*** DATA FOR THE TASK ***

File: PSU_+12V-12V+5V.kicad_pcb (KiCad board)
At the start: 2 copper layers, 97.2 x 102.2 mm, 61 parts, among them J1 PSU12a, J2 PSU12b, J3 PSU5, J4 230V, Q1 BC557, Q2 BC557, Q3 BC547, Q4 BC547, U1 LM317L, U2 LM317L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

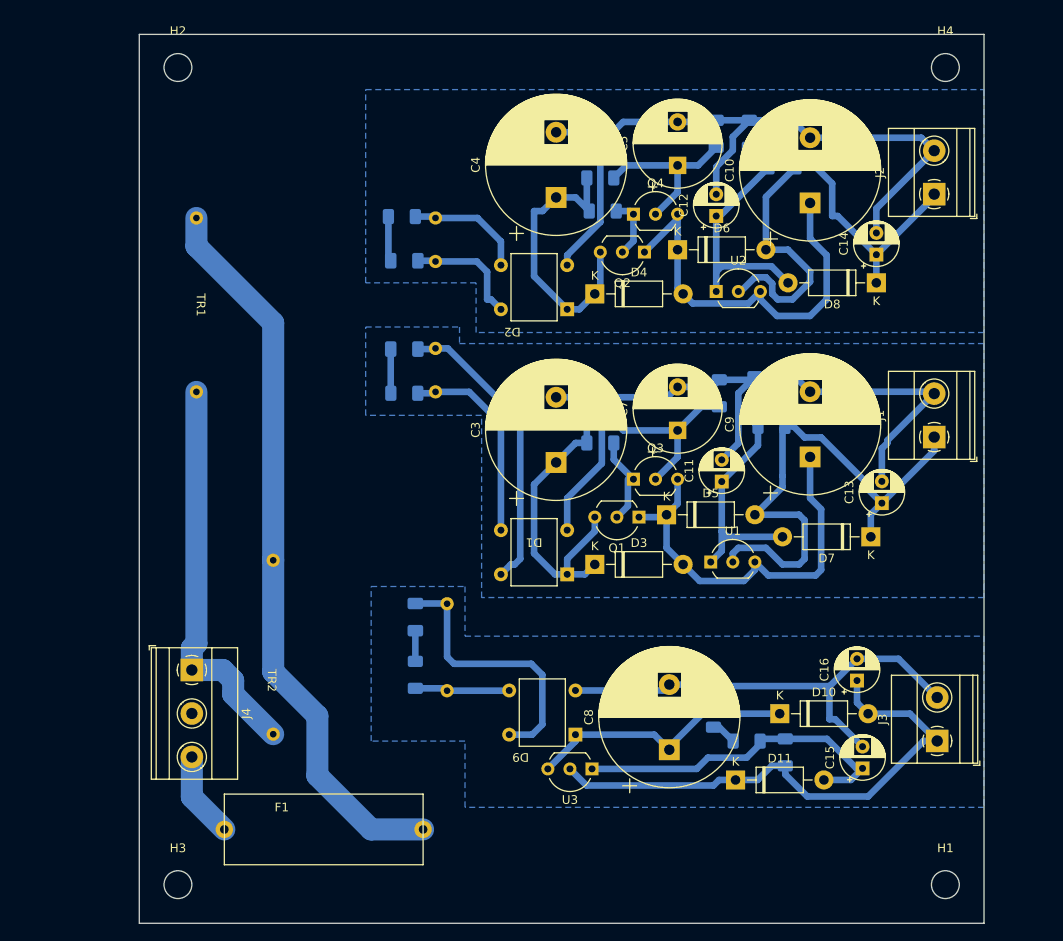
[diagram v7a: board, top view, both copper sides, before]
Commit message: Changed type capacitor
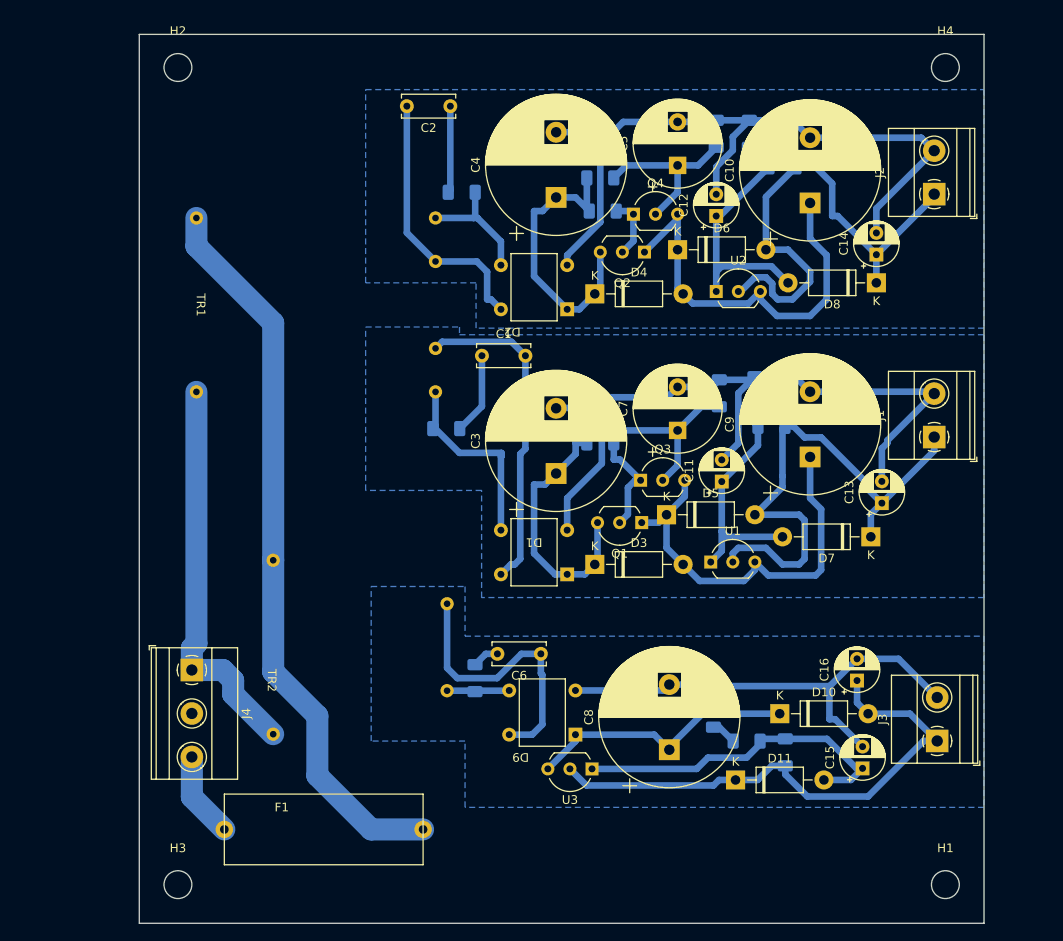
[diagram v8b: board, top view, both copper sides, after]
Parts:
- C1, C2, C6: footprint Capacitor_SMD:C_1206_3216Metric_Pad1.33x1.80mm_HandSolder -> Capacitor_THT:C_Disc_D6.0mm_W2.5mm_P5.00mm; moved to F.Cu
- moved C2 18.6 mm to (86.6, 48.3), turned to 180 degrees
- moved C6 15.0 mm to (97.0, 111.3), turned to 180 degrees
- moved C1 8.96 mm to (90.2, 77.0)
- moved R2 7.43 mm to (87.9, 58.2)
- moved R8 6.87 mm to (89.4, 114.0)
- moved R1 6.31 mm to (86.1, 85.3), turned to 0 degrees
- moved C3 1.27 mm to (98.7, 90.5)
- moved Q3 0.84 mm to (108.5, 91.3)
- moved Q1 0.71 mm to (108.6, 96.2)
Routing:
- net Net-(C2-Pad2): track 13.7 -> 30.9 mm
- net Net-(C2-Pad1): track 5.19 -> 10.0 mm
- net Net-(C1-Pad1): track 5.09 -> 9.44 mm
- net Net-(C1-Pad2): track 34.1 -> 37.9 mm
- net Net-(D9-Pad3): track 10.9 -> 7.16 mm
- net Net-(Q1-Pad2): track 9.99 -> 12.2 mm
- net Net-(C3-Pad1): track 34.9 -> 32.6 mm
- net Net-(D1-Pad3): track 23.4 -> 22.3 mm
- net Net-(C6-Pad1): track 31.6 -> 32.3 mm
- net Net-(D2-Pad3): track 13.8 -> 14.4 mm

*** End of DATA FOR THE TASK ***

Pick each line holding the word "view" out of the data and copy it.

◆ **TASK ANSWER**:
[diagram v7a: board, top view, both copper sides, before]
[diagram v8b: board, top view, both copper sides, after]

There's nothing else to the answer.